3ft Atlantic Sharpnose. I swear to god if I catch one more of them, I'm going to start keeping my limit just so I can thin them out a bit. You could prolly walk out to the 3 mile buoy on their backs they're so thick.


----------



## CTROUT (Oct 22, 2002)

eel. I hate catching the slimey rascals.


----------



## LouDog (Dec 31, 2002)

Bar Dog! aka oyster toad... I saw a dude catch a stargazer the other night at rudee.......They have someting to avoid, but I can't remember....I just recommended he NOT grip the thing and to sacrafice the hook this time.......any knowledge on these things?


----------



## Wilber (May 20, 2003)

16 Flounder


----------



## Anthony (Jul 3, 2002)

17 1/4 inch flounder in DE or a keeper rockfish after 12:00am in Maryland


----------



## rlott (Oct 19, 2002)

Stargazers can supposedly zap you like an electric eel does.

Rich


----------



## AL_N_VB (Apr 3, 2002)

I am with rlott,Stargazers ,suck.When we go drifting for flounder,we always catch them.Nasty little zap.


----------



## wizardude (May 19, 2002)

Heard Stargazers are fantastic eats, though I've never caught one. 

Least likely to make me smile, Oyster Toads and Eels........used to catch Toads so bad Flounder fishing, finally just quit fishing slack tide......Bet you can't quess what the first fish I ever caught was


----------



## Andre (Mar 15, 2003)

Horse shoe crab and that cow nose ray


----------



## GraphixDude (Apr 21, 2003)

I really get sick of catching Rays/skates. I remember not too long ago at all that I was dying to catch one so I could get a closer look at them, but now...uh!

Though you rarely "catch" one, the blue crabs are kind of a pain in the but because those sneaky suckers will steal your bait so fast and you barely know.

I hate catching any fish that swallows the hook!

Blues are fun, but you have to be careful because they are hard to unhook and like to bite the fisherman. The baby blues are FEROCIOUS! lol...

Basicly though, anything that bites is ok to catch - better than starin at a motionless pole tip.
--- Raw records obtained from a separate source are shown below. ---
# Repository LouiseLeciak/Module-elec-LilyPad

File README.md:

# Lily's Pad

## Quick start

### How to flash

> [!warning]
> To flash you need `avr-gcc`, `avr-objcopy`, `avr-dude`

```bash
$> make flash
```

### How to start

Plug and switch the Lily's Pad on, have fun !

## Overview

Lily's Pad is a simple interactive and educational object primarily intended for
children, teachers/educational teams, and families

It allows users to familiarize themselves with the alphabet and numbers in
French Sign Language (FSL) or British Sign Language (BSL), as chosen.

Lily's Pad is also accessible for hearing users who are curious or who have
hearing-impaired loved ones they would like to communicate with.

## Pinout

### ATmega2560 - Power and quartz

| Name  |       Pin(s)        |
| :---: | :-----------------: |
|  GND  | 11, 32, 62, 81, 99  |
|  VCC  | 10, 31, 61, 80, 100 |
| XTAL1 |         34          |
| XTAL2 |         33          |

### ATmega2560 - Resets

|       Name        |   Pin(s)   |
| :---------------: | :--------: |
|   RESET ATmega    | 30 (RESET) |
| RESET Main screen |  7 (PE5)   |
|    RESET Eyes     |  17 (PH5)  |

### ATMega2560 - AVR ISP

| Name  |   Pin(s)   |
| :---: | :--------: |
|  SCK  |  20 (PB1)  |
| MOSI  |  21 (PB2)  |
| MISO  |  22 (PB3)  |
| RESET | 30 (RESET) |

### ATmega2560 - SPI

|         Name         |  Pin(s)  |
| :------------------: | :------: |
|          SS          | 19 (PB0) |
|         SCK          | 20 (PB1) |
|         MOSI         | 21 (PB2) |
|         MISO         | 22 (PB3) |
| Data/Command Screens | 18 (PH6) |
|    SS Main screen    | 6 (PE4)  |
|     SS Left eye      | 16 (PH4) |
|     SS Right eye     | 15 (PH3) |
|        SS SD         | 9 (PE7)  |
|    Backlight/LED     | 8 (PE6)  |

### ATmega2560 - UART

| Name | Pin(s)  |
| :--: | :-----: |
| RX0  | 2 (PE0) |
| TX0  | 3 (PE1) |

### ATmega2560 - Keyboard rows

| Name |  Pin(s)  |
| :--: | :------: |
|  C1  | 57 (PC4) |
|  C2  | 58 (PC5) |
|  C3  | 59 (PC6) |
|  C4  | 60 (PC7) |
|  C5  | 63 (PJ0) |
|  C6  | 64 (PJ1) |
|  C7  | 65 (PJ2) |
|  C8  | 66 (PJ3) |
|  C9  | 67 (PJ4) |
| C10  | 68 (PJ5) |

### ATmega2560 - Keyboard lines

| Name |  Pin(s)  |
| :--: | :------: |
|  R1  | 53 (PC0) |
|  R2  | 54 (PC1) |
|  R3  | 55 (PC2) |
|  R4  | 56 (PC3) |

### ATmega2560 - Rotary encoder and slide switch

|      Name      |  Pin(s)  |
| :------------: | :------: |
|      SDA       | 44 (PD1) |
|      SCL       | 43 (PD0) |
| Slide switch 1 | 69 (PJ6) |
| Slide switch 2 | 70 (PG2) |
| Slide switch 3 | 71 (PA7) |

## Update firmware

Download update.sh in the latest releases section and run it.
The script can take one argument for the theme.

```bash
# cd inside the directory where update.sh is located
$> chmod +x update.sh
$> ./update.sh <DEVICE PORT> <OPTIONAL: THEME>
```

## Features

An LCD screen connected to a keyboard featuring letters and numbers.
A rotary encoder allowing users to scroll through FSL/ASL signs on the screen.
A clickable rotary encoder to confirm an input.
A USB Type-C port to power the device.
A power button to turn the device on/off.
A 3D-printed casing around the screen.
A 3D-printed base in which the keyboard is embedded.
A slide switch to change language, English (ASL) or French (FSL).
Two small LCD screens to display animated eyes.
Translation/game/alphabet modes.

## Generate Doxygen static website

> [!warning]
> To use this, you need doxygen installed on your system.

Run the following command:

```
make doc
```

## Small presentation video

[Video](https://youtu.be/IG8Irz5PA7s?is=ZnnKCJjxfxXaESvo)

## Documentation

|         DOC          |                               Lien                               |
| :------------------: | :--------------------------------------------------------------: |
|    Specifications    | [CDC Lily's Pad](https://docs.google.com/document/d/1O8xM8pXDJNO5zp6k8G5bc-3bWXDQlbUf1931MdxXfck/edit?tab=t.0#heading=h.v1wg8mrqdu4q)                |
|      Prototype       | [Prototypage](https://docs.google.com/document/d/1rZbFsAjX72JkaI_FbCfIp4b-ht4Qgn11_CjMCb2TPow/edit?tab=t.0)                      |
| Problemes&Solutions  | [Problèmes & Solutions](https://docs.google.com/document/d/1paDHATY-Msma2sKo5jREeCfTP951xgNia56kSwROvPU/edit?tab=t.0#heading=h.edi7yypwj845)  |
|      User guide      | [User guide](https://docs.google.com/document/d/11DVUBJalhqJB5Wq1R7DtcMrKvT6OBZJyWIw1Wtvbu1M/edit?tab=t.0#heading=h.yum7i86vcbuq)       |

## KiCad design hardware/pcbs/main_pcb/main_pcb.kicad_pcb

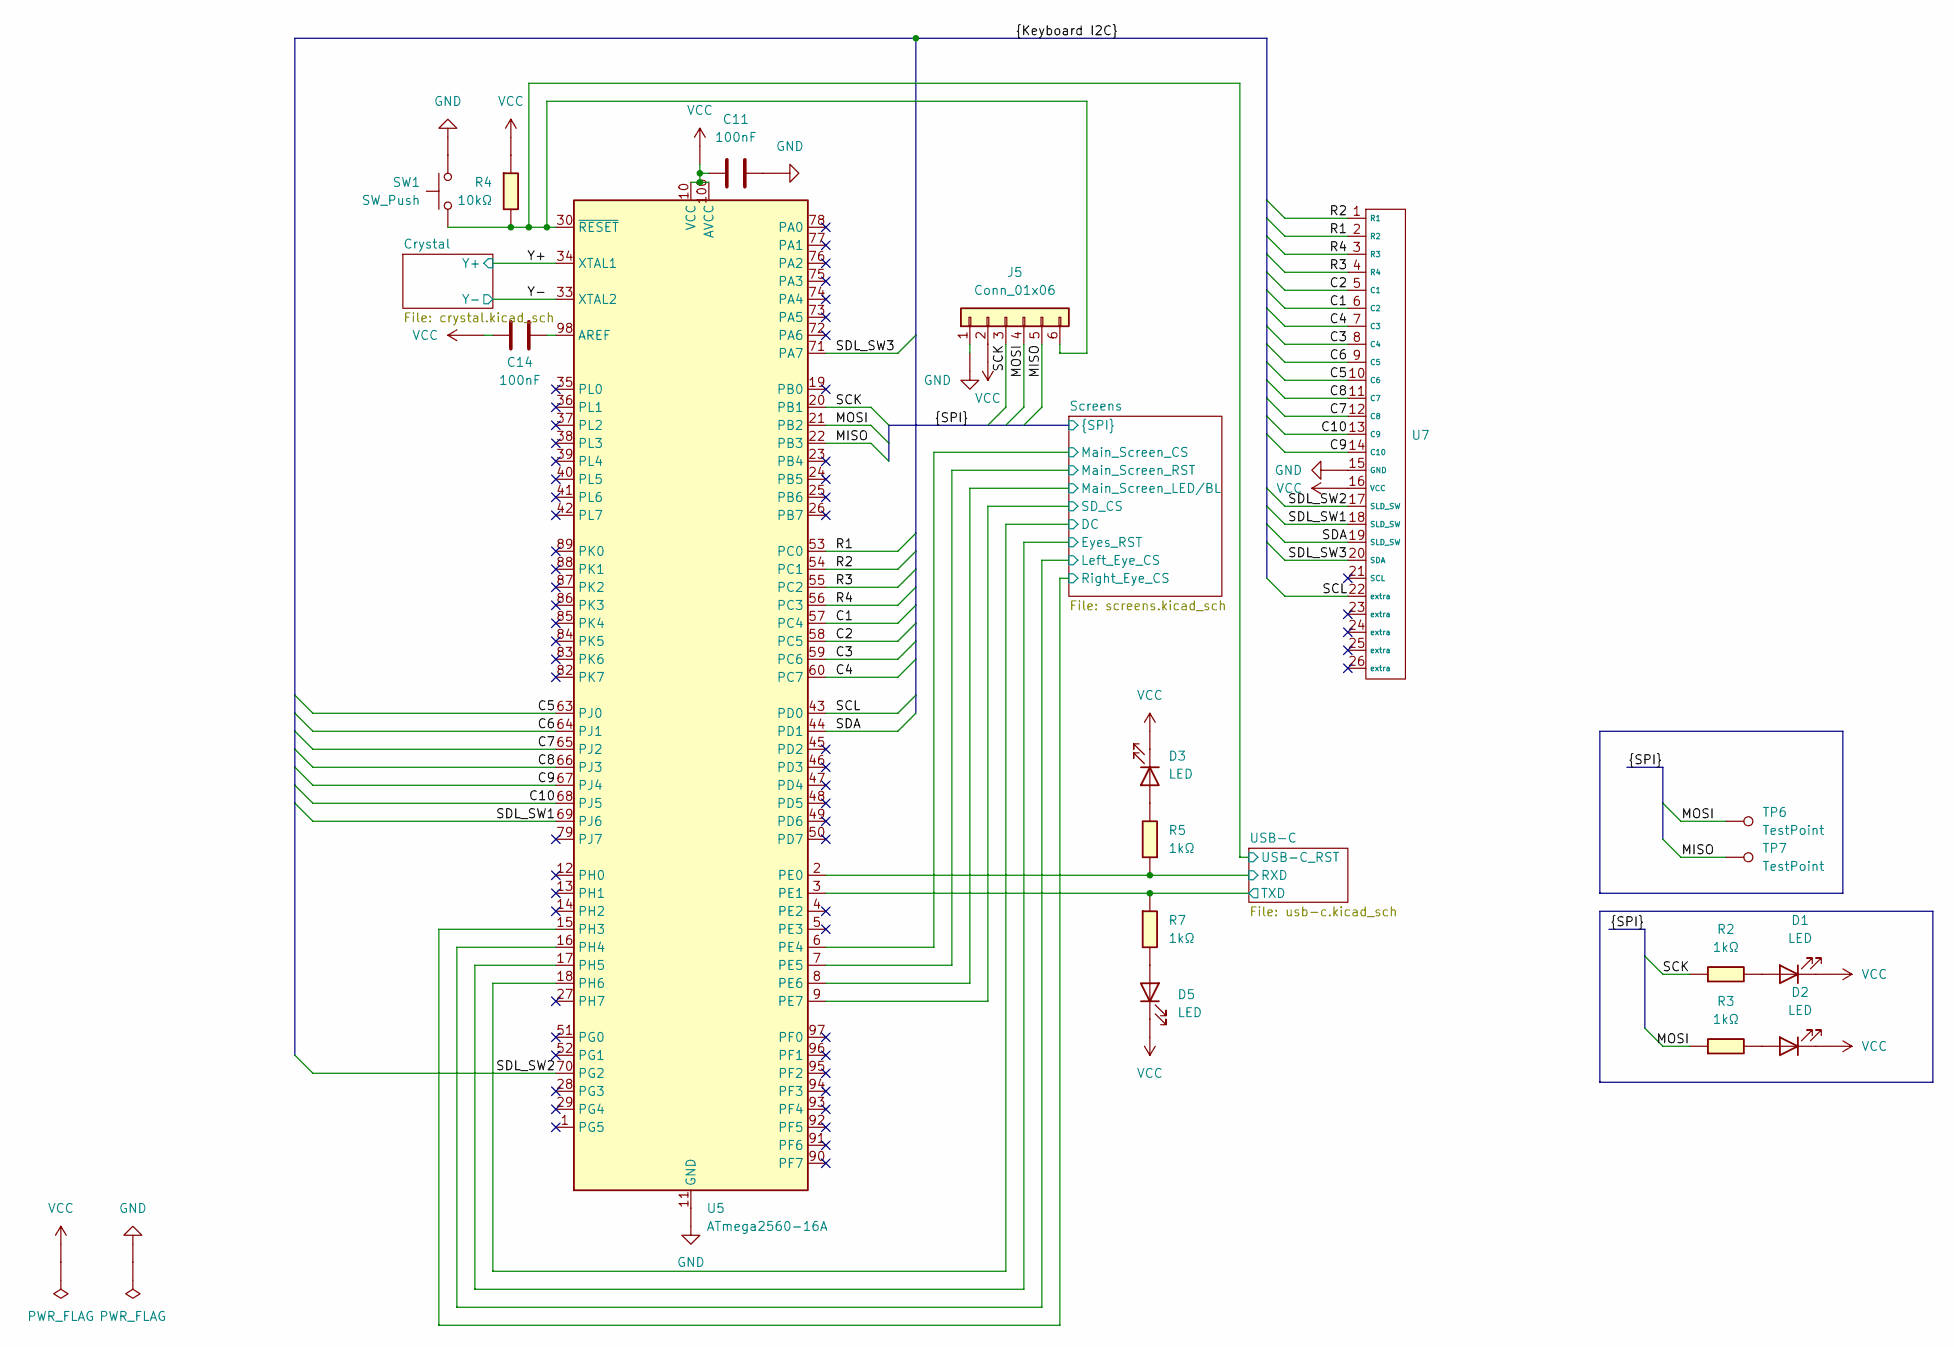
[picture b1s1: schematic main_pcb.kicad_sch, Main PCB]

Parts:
C11, C14: 100nF; Capacitor_0603; LCSC C14663
D1, D2, D3, D5: LED; LED_0603; LCSC C19171394
J5: Conn_01x06; Pin_1x06_2.54mm_Vertical
R2, R3, R5, R7: 1kΩ; Resistor_0603; LCSC C22548
R4: 10kΩ; Resistor_0603; LCSC C98220
SW1: SW_Push; Switch_Push_Button_12mm; LCSC C84931
TP6, TP7: TestPoint; Test point
U5: ATmega2560-16A; ATmega2560-16AU; LCSC C22460
U7: AMPHENOL_69830-026LF; LCSC C397108

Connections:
/C1: U5.57 (PC4), U7.6 (C2)
/C2: U5.58 (PC5), U7.5 (C1)
/C3: U5.59 (PC6), U7.8 (C4)
/C4: U5.60 (PC7), U7.7 (C3)
/C5: U5.63 (PJ0), U7.10 (C6)
/C6: U5.64 (PJ1), U7.9 (C5)
/C7: U5.65 (PJ2), U7.12 (C8)
/C8: U5.66 (PJ3), U7.11 (C7)
/C9: U5.67 (PJ4), U7.14 (C10)
/C10: U5.68 (PJ5), U7.13 (C9)
/MISO: J5.5, TP7.1, U5.22 (PB3); also elsewhere on the board
/MOSI: J5.4, R3.1, TP6.1, U5.21 (PB2); also elsewhere on the board
/R1: U5.53 (PC0), U7.2 (R2)
/R2: U5.54 (PC1), U7.1 (R1)
/R3: U5.55 (PC2), U7.4 (R4)
/R4: U5.56 (PC3), U7.3 (R3)
/SCK: J5.3, R2.1, U5.20 (PB1); also elsewhere on the board
/SCL: U5.43 (PD0), U7.22 (extra)
/SDA: U5.44 (PD1), U7.19 (SLD_SW)
/SDL_SW1: U5.69 (PJ6), U7.18 (SLD_SW)
/SDL_SW2: U5.70 (PG2), U7.17 (SLD_SW)
/SDL_SW3: U5.71 (PA7), U7.20 (SDA)
/Screens/DC: U5.18 (PH6); also elsewhere on the board
/Screens/Eyes_RST: U5.17 (PH5); also elsewhere on the board
/Screens/Left_Eye_CS: U5.16 (PH4); also elsewhere on the board
/Screens/Main_Screen_CS: U5.6 (PE4); also elsewhere on the board
/Screens/Main_Screen_LED/BL: U5.8 (PE6); also elsewhere on the board
/Screens/Main_Screen_RST: U5.7 (PE5); also elsewhere on the board
/Screens/Right_Eye_CS: U5.15 (PH3); also elsewhere on the board
/Screens/SD_CS: U5.9 (PE7); also elsewhere on the board
/USB-C/RXD: R5.1, U5.2 (PE0); also elsewhere on the board
/USB-C/TXD: R7.1, U5.3 (PE1); also elsewhere on the board
/USB-C/USB-C_RST: J5.6, R4.2, SW1.1, U5.30 (~RESET); also elsewhere on the board
/Y+: U5.34 (XTAL1); also elsewhere on the board
/Y-: U5.33 (XTAL2); also elsewhere on the board
GND: C11.2, J5.1, SW1.2, U5.11 (GND), U5.32 (GND), U5.62 (GND), U5.81 (GND), U5.99 (GND), U7.15 (GND); also elsewhere on the board
unnamed: D1.2 (A), R2.2
unnamed: D2.2 (A), R3.2
unnamed: D3.2 (A), R5.2
unnamed: D5.2 (A), R7.2
unnamed: C14.2, U5.98 (AREF)
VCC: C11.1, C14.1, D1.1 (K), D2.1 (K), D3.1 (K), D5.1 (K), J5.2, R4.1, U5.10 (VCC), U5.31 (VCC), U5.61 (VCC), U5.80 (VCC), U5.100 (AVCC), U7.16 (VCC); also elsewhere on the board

Have to say the worst thing I ever caught was a duck. Thats all to that story though.


----------



## fishnkid (Sep 30, 2001)

well right now i wouldnt be mad if i caught any fish. But normally i wuold go with a baby sea bass.


----------



## TornadoFers (May 14, 2003)

all the spikey, slimey, biting bastards


----------



## Cdog (Mar 18, 2002)

Theres only one an that is th SQUAT aka skunk. Anything pulling on th line is better than nothing.


----------



## inawe (May 24, 2003)

hey them oyster toads are the ultimate ! taste better than the blow fish ! talking bout th fish how about carching those ##&&@@##** dam crab pots that someone let there bouy mark rot away caught one had a half a spot oyser toad & 3 crabs i think those slimy @ss eels got it


----------



## The Bucket (Mar 4, 2001)

Trip-ski,

I've caught all mentioned herein and pert near all sea creatures possible - no wonder the Sea Creature is one of my alias  

Anyway I'm on board with Cdog as the skunk is the worst creature I have known. We can debate the rest of the questionable catch until were ready to eat'em  

O-tau & Ling Cod kind of freak me somewhat regular though  

Eat'em or Release'em,

`bucket


----------



## blue bird (Apr 25, 2003)

Gloves, boots, any form of trash that is not natural. I quess I'll throw in the seaweed also.


----------



## jay b (Dec 1, 2002)

My vote is also for the skunk. Any thing else is either fun to catch, good to eat, or hopefully both!!


----------



## FISHIN ROD (Feb 12, 2003)

I hate catching that big rock, logs, branches, the pier, the jetty sometimes they just wont release my line.


----------



## seafisher (Mar 11, 2003)

OYSTER TOADS! I caught them before and they have some mean teeth and not afraid to bite. Conch shells are pesky critters too.


----------



## Trippolski (Apr 30, 2003)

Last summer a guy caught a HUGE skate off the end of Rodanthe pier. The skate was at least six feet wide and seven foot long including the tail. The guy was fighting the thing for about an hour and a half.


----------



## GraphixDude (Apr 21, 2003)

What is a skunk and an oyster toad?


----------



## Flounder101 (May 5, 2003)

Oyster toads!!! They're slimmy scum suckers and have teeth that can crush every bone in your finger if your not carefull! Not to mention terrific bait stealers--they love to eat minnows I paid for!!! 
God might not make mistakes, but why did he create such a pain in the butt fish!
Anyhow, that's my least favorite fish to catch!

Flounder101


----------



## Heaver (Feb 7, 2001)

Least favorite - a conger eel. A fat pudgy face, thick body, mouth full of teeth.

Lou


----------



## oldsalt (May 6, 2003)

Oyster toads and eel top of my list. eel sure can messup a line in short order.


----------



## Sea Critter (Jun 6, 2003)

My vote goes to eels.


----------



## Cdog (Mar 18, 2002)

GDude, Skunk= catching nothing. Something I'm getting really good at lately. If ya ever want a lesson I can show ya how.


----------



## Bigblock (Dec 24, 2002)

I love fishing with Cdog, he get's the skunks and I get the lunks. Don't get me wrong now some times he does pretty good at catching me bait for the live well or modifyed croker for sharks. I'm still trying to help him catch a fish over the 50# mark. If you could catch a big fish on effort alone he would be leading the pack but bait and skunks are his best friends.
Bigblock

P.S. Cdog is pretty good with a pier net


----------



## skunked (Jun 4, 2001)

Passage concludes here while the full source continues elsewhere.